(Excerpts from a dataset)
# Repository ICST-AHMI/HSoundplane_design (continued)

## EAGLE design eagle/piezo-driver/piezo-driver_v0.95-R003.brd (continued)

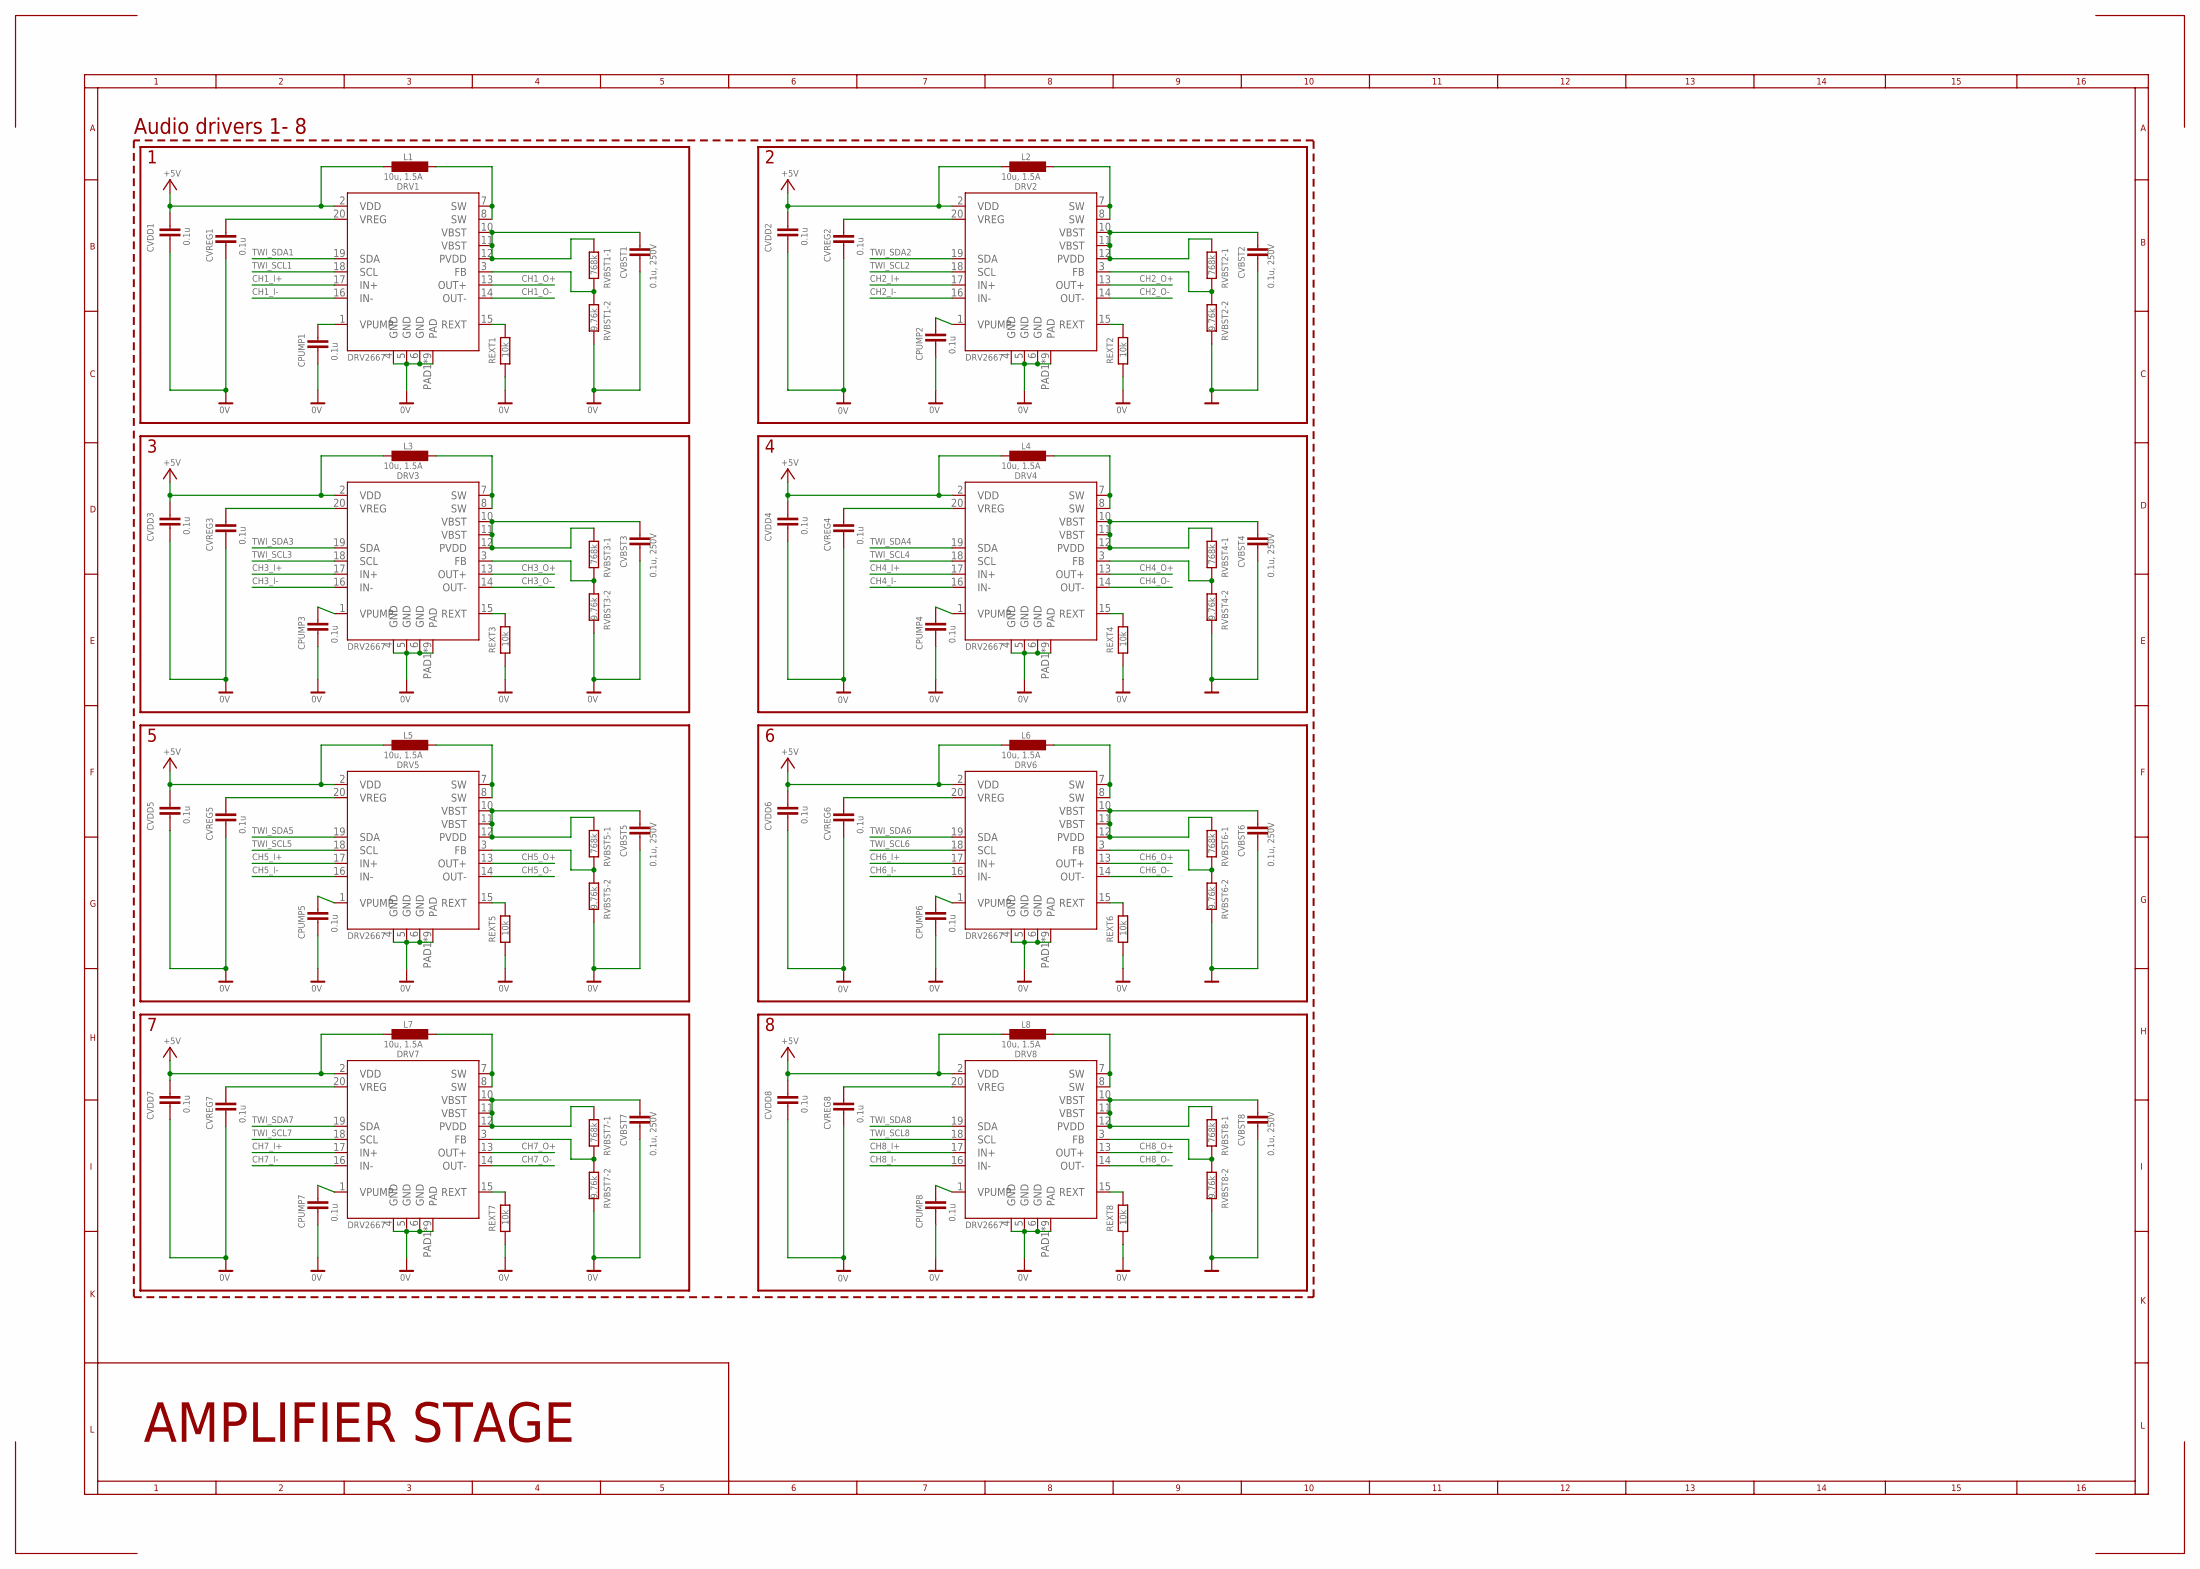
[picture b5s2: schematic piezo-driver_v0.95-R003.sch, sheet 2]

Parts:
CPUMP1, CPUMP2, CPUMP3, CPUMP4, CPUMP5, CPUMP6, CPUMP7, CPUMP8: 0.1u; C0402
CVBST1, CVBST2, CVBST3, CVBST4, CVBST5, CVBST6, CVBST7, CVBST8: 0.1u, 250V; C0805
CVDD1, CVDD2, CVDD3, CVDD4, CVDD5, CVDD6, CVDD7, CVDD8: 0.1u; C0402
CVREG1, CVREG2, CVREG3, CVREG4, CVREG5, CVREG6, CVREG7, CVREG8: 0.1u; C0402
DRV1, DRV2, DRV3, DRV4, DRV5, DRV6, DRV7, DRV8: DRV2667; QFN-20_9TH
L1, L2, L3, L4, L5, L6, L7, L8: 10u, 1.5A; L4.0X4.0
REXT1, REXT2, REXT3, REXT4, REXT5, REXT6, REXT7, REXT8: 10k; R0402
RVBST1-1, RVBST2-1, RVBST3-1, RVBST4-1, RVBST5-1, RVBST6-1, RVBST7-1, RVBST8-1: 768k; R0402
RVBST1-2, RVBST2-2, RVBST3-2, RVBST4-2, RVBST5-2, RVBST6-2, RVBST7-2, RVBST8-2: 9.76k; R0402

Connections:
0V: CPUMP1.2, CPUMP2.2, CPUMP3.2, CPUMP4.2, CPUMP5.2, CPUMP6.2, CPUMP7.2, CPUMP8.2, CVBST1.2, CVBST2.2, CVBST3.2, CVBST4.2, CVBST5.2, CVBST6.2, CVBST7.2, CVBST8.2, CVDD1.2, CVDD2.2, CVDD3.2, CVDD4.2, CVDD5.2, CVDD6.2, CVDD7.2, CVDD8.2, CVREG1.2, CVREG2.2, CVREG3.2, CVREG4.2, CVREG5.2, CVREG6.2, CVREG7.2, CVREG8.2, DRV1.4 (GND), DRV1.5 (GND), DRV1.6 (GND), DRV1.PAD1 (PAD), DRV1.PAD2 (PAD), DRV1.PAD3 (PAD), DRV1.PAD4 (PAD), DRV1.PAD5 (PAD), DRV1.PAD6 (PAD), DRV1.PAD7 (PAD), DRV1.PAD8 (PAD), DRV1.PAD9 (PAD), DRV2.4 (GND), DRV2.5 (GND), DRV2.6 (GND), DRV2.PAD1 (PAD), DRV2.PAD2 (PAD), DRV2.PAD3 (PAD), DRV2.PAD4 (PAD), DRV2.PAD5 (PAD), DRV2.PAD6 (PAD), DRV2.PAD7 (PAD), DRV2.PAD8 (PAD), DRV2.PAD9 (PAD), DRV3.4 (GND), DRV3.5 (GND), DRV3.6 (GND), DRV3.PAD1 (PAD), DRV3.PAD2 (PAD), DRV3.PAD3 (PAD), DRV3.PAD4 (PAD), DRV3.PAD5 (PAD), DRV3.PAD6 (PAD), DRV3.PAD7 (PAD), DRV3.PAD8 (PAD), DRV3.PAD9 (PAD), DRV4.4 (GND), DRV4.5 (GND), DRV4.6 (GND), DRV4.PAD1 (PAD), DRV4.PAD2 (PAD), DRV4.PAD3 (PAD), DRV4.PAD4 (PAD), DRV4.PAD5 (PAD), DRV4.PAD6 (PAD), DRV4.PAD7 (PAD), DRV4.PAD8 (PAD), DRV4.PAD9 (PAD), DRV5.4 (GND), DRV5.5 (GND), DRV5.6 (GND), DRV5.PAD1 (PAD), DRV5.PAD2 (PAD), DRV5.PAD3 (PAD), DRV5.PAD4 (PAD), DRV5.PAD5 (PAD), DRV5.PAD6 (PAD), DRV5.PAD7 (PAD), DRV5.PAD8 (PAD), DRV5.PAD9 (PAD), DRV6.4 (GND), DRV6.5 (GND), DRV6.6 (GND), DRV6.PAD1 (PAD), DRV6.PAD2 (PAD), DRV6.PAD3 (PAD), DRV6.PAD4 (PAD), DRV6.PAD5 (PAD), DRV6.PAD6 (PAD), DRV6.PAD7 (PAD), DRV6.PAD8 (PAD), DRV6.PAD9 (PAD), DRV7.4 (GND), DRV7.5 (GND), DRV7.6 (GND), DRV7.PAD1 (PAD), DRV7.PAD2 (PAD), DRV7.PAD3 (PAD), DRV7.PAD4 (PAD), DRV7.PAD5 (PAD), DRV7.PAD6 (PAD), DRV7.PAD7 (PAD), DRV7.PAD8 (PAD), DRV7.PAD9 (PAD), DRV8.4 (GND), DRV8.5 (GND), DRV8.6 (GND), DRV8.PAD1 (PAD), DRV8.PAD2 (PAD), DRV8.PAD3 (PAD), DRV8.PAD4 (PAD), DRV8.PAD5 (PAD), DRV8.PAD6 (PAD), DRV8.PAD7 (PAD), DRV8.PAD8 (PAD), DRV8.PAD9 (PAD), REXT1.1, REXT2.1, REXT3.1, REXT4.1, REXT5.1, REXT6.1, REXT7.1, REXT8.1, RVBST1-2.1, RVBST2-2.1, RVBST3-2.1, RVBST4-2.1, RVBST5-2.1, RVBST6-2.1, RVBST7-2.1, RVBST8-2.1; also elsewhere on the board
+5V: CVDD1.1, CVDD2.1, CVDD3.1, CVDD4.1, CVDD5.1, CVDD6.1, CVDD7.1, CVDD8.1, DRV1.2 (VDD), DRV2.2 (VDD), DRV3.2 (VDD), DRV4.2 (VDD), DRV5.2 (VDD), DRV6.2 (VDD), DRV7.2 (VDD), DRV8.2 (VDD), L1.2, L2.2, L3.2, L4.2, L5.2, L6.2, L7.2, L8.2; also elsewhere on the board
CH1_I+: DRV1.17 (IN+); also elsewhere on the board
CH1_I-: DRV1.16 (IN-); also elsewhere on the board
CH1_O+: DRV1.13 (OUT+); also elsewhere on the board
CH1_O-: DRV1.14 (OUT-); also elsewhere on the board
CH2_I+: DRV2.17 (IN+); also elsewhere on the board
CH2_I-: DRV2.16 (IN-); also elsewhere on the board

**Task statement**
For each line above, output its wording exactly and leave out any picture.

**Reply to the exercise**
# Repository ICST-AHMI/HSoundplane_design (continued)

## EAGLE design eagle/piezo-driver/piezo-driver_v0.95-R003.brd (continued)

[picture b5s2: schematic piezo-driver_v0.95-R003.sch, sheet 2]

Parts:
CPUMP1, CPUMP2, CPUMP3, CPUMP4, CPUMP5, CPUMP6, CPUMP7, CPUMP8: 0.1u; C0402
CVBST1, CVBST2, CVBST3, CVBST4, CVBST5, CVBST6, CVBST7, CVBST8: 0.1u, 250V; C0805
CVDD1, CVDD2, CVDD3, CVDD4, CVDD5, CVDD6, CVDD7, CVDD8: 0.1u; C0402
CVREG1, CVREG2, CVREG3, CVREG4, CVREG5, CVREG6, CVREG7, CVREG8: 0.1u; C0402
DRV1, DRV2, DRV3, DRV4, DRV5, DRV6, DRV7, DRV8: DRV2667; QFN-20_9TH
L1, L2, L3, L4, L5, L6, L7, L8: 10u, 1.5A; L4.0X4.0
REXT1, REXT2, REXT3, REXT4, REXT5, REXT6, REXT7, REXT8: 10k; R0402
RVBST1-1, RVBST2-1, RVBST3-1, RVBST4-1, RVBST5-1, RVBST6-1, RVBST7-1, RVBST8-1: 768k; R0402
RVBST1-2, RVBST2-2, RVBST3-2, RVBST4-2, RVBST5-2, RVBST6-2, RVBST7-2, RVBST8-2: 9.76k; R0402

Connections:
0V: CPUMP1.2, CPUMP2.2, CPUMP3.2, CPUMP4.2, CPUMP5.2, CPUMP6.2, CPUMP7.2, CPUMP8.2, CVBST1.2, CVBST2.2, CVBST3.2, CVBST4.2, CVBST5.2, CVBST6.2, CVBST7.2, CVBST8.2, CVDD1.2, CVDD2.2, CVDD3.2, CVDD4.2, CVDD5.2, CVDD6.2, CVDD7.2, CVDD8.2, CVREG1.2, CVREG2.2, CVREG3.2, CVREG4.2, CVREG5.2, CVREG6.2, CVREG7.2, CVREG8.2, DRV1.4 (GND), DRV1.5 (GND), DRV1.6 (GND), DRV1.PAD1 (PAD), DRV1.PAD2 (PAD), DRV1.PAD3 (PAD), DRV1.PAD4 (PAD), DRV1.PAD5 (PAD), DRV1.PAD6 (PAD), DRV1.PAD7 (PAD), DRV1.PAD8 (PAD), DRV1.PAD9 (PAD), DRV2.4 (GND), DRV2.5 (GND), DRV2.6 (GND), DRV2.PAD1 (PAD), DRV2.PAD2 (PAD), DRV2.PAD3 (PAD), DRV2.PAD4 (PAD), DRV2.PAD5 (PAD), DRV2.PAD6 (PAD), DRV2.PAD7 (PAD), DRV2.PAD8 (PAD), DRV2.PAD9 (PAD), DRV3.4 (GND), DRV3.5 (GND), DRV3.6 (GND), DRV3.PAD1 (PAD), DRV3.PAD2 (PAD), DRV3.PAD3 (PAD), DRV3.PAD4 (PAD), DRV3.PAD5 (PAD), DRV3.PAD6 (PAD), DRV3.PAD7 (PAD), DRV3.PAD8 (PAD), DRV3.PAD9 (PAD), DRV4.4 (GND), DRV4.5 (GND), DRV4.6 (GND), DRV4.PAD1 (PAD), DRV4.PAD2 (PAD), DRV4.PAD3 (PAD), DRV4.PAD4 (PAD), DRV4.PAD5 (PAD), DRV4.PAD6 (PAD), DRV4.PAD7 (PAD), DRV4.PAD8 (PAD), DRV4.PAD9 (PAD), DRV5.4 (GND), DRV5.5 (GND), DRV5.6 (GND), DRV5.PAD1 (PAD), DRV5.PAD2 (PAD), DRV5.PAD3 (PAD), DRV5.PAD4 (PAD), DRV5.PAD5 (PAD), DRV5.PAD6 (PAD), DRV5.PAD7 (PAD), DRV5.PAD8 (PAD), DRV5.PAD9 (PAD), DRV6.4 (GND), DRV6.5 (GND), DRV6.6 (GND), DRV6.PAD1 (PAD), DRV6.PAD2 (PAD), DRV6.PAD3 (PAD), DRV6.PAD4 (PAD), DRV6.PAD5 (PAD), DRV6.PAD6 (PAD), DRV6.PAD7 (PAD), DRV6.PAD8 (PAD), DRV6.PAD9 (PAD), DRV7.4 (GND), DRV7.5 (GND), DRV7.6 (GND), DRV7.PAD1 (PAD), DRV7.PAD2 (PAD), DRV7.PAD3 (PAD), DRV7.PAD4 (PAD), DRV7.PAD5 (PAD), DRV7.PAD6 (PAD), DRV7.PAD7 (PAD), DRV7.PAD8 (PAD), DRV7.PAD9 (PAD), DRV8.4 (GND), DRV8.5 (GND), DRV8.6 (GND), DRV8.PAD1 (PAD), DRV8.PAD2 (PAD), DRV8.PAD3 (PAD), DRV8.PAD4 (PAD), DRV8.PAD5 (PAD), DRV8.PAD6 (PAD), DRV8.PAD7 (PAD), DRV8.PAD8 (PAD), DRV8.PAD9 (PAD), REXT1.1, REXT2.1, REXT3.1, REXT4.1, REXT5.1, REXT6.1, REXT7.1, REXT8.1, RVBST1-2.1, RVBST2-2.1, RVBST3-2.1, RVBST4-2.1, RVBST5-2.1, RVBST6-2.1, RVBST7-2.1, RVBST8-2.1; also elsewhere on the board
+5V: CVDD1.1, CVDD2.1, CVDD3.1, CVDD4.1, CVDD5.1, CVDD6.1, CVDD7.1, CVDD8.1, DRV1.2 (VDD), DRV2.2 (VDD), DRV3.2 (VDD), DRV4.2 (VDD), DRV5.2 (VDD), DRV6.2 (VDD), DRV7.2 (VDD), DRV8.2 (VDD), L1.2, L2.2, L3.2, L4.2, L5.2, L6.2, L7.2, L8.2; also elsewhere on the board
CH1_I+: DRV1.17 (IN+); also elsewhere on the board
CH1_I-: DRV1.16 (IN-); also elsewhere on the board
CH1_O+: DRV1.13 (OUT+); also elsewhere on the board
CH1_O-: DRV1.14 (OUT-); also elsewhere on the board
CH2_I+: DRV2.17 (IN+); also elsewhere on the board
CH2_I-: DRV2.16 (IN-); also elsewhere on the board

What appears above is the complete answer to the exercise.